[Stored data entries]
Start of Block

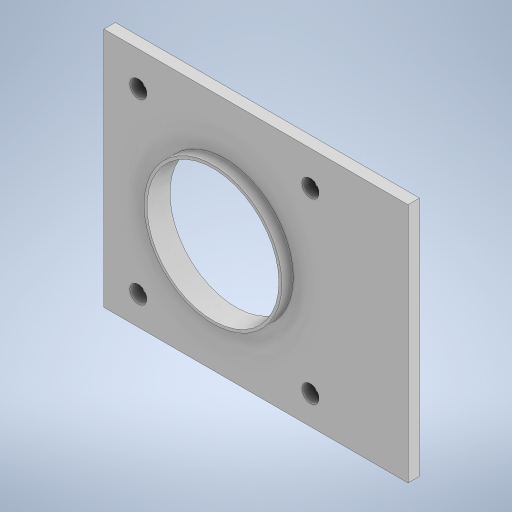
# Autodesk Inventor part: 2
Saved by Autodesk Inventor 2024 (Build 280153000, 153)
## iProperties
Created: 2024-01-05
Part Number: 2
Material: Generic
Document SubType Name: Modeling
Designer: jebes windows
Density: 1 g/cm^3
Appearance: Default
Author: jebes windows
Autodesk Inventor part; units mm, degrees
ref_plane "YZ Plane" through (0, 0, 0) normal (1, 0, 0) x (0, 1, 0)
ref_plane "XZ Plane" through (0, 0, 0) normal (0, 1, 0) x (-1, 0, 0)
ref_plane "XY Plane" through (0, 0, 0) normal (0, 0, 1) x (1, 0, 0)
sketch "Sketch1" plane through (0, 0, 0) normal (0, 1, 0) x (-1, 0, 0)
  line L0 (0, 0) -> (32, 0)
  circle A0 centre (32, 0) radius 12
  line L1 (53, 21) -> (11, 21)
  line L2 (11, 21) -> (11, -21)
  line L3 (11, -21) -> (53, -21)
  line L4 (53, -21) -> (53, 21)
  line L5 (53, 21) -> (11, -21) construction
  line L6 (11, 21) -> (53, -21) construction
  circle A1 centre (47, 15) radius 1.5
  circle A2 centre (47, -16) radius 1.5
  line L7 (32, 0) -> (32, 21)
  circle A3 centre (17, 15) radius 1.5
  circle A4 centre (17, -16) radius 1.5
  line L8 (11, 21) -> (0, 21)
  line L9 (0, 21) -> (0, -21)
  line L10 (0, -21) -> (11, -21)
  dimension "d0" = 32
  dimension "d1" = 24
  dimension "d2" = 42
  dimension "d3" = 42
  dimension "d4" = 3
  dimension "d5" = 3
  dimension "d6" = 31
  dimension "d7" = 15
  dimension "d8" = 15
  dimension "d14" = 11
  constraints: 22 end point, 5 centre point, 3 midpoint, 3 perpendicular, 2 horizontal, 2 parallel, 2 point on line, 2 symmetric about line, 1 coincident, 2 other
  measures "d0" distance of L0.start L0.end
  measures "d1" diameter of A0
  measures "d2" distance of L3.end L2.end
  measures "d3" distance of L2.end L1.end
  measures "d4" diameter of A1
  measures "d5" diameter of A2
  measures "d6" distance of A2.centre A1.centre
  measures "d7" horizontal distance of L0.end A1.centre
  measures "d8" horizontal distance of L0.end A2.centre
  measures "d14" distance between parallel lines of L2 L9
extrude "Extrusion1" add sketch "Sketch1" along normal blind 2 contours L9 L8 L2 L0 | L0 L2 L10 L9 | L2 L1 L7 A0 L0 | L0 A0 L7 L1 L4 L3 L2
sketch "Sketch2" plane through (0, 0, 0) normal (0, -1, 0) x (1, 0, 0)
  line L0 (-53, -21) -> (-53, 21) projected
  circle A0 centre (-17, 15) radius 1.5 projected
  circle A1 centre (-32, 0) radius 12 projected
  circle A2 centre (-17, -16) radius 1.5 projected
  circle A3 centre (-47, 15) radius 1.5 projected
  circle A4 centre (-47, -16) radius 1.5 projected
  circle A5 centre (-32, 0) radius 11.5
  line L1 (0, -21) -> (-53, -21) projected
  line L2 (0, 21) -> (0, -21) projected
  line L3 (-53, 21) -> (0, 21) projected
  point P0 (0, 0)
  dimension "d11" = 23
  constraints: 1 centre point, 1 coincident
  measures "d11" diameter of A5
extrude "Extrusion2" add sketch "Sketch2" along normal mid plane 4 contours A1
body "Solid1"

End of Block

→ **Aim of the task**
The finished copy should match the data above word for word and contain no pictures.

→ **Result for this task**
# Autodesk Inventor part: 2
Saved by Autodesk Inventor 2024 (Build 280153000, 153)
## iProperties
Created: 2024-01-05
Part Number: 2
Material: Generic
Document SubType Name: Modeling
Designer: jebes windows
Density: 1 g/cm^3
Appearance: Default
Author: jebes windows
Autodesk Inventor part; units mm, degrees
ref_plane "YZ Plane" through (0, 0, 0) normal (1, 0, 0) x (0, 1, 0)
ref_plane "XZ Plane" through (0, 0, 0) normal (0, 1, 0) x (-1, 0, 0)
ref_plane "XY Plane" through (0, 0, 0) normal (0, 0, 1) x (1, 0, 0)
sketch "Sketch1" plane through (0, 0, 0) normal (0, 1, 0) x (-1, 0, 0)
  line L0 (0, 0) -> (32, 0)
  circle A0 centre (32, 0) radius 12
  line L1 (53, 21) -> (11, 21)
  line L2 (11, 21) -> (11, -21)
  line L3 (11, -21) -> (53, -21)
  line L4 (53, -21) -> (53, 21)
  line L5 (53, 21) -> (11, -21) construction
  line L6 (11, 21) -> (53, -21) construction
  circle A1 centre (47, 15) radius 1.5
  circle A2 centre (47, -16) radius 1.5
  line L7 (32, 0) -> (32, 21)
  circle A3 centre (17, 15) radius 1.5
  circle A4 centre (17, -16) radius 1.5
  line L8 (11, 21) -> (0, 21)
  line L9 (0, 21) -> (0, -21)
  line L10 (0, -21) -> (11, -21)
  dimension "d0" = 32
  dimension "d1" = 24
  dimension "d2" = 42
  dimension "d3" = 42
  dimension "d4" = 3
  dimension "d5" = 3
  dimension "d6" = 31
  dimension "d7" = 15
  dimension "d8" = 15
  dimension "d14" = 11
  constraints: 22 end point, 5 centre point, 3 midpoint, 3 perpendicular, 2 horizontal, 2 parallel, 2 point on line, 2 symmetric about line, 1 coincident, 2 other
  measures "d0" distance of L0.start L0.end
  measures "d1" diameter of A0
  measures "d2" distance of L3.end L2.end
  measures "d3" distance of L2.end L1.end
  measures "d4" diameter of A1
  measures "d5" diameter of A2
  measures "d6" distance of A2.centre A1.centre
  measures "d7" horizontal distance of L0.end A1.centre
  measures "d8" horizontal distance of L0.end A2.centre
  measures "d14" distance between parallel lines of L2 L9
extrude "Extrusion1" add sketch "Sketch1" along normal blind 2 contours L9 L8 L2 L0 | L0 L2 L10 L9 | L2 L1 L7 A0 L0 | L0 A0 L7 L1 L4 L3 L2
sketch "Sketch2" plane through (0, 0, 0) normal (0, -1, 0) x (1, 0, 0)
  line L0 (-53, -21) -> (-53, 21) projected
  circle A0 centre (-17, 15) radius 1.5 projected
  circle A1 centre (-32, 0) radius 12 projected
  circle A2 centre (-17, -16) radius 1.5 projected
  circle A3 centre (-47, 15) radius 1.5 projected
  circle A4 centre (-47, -16) radius 1.5 projected
  circle A5 centre (-32, 0) radius 11.5
  line L1 (0, -21) -> (-53, -21) projected
  line L2 (0, 21) -> (0, -21) projected
  line L3 (-53, 21) -> (0, 21) projected
  point P0 (0, 0)
  dimension "d11" = 23
  constraints: 1 centre point, 1 coincident
  measures "d11" diameter of A5
extrude "Extrusion2" add sketch "Sketch2" along normal mid plane 4 contours A1
body "Solid1"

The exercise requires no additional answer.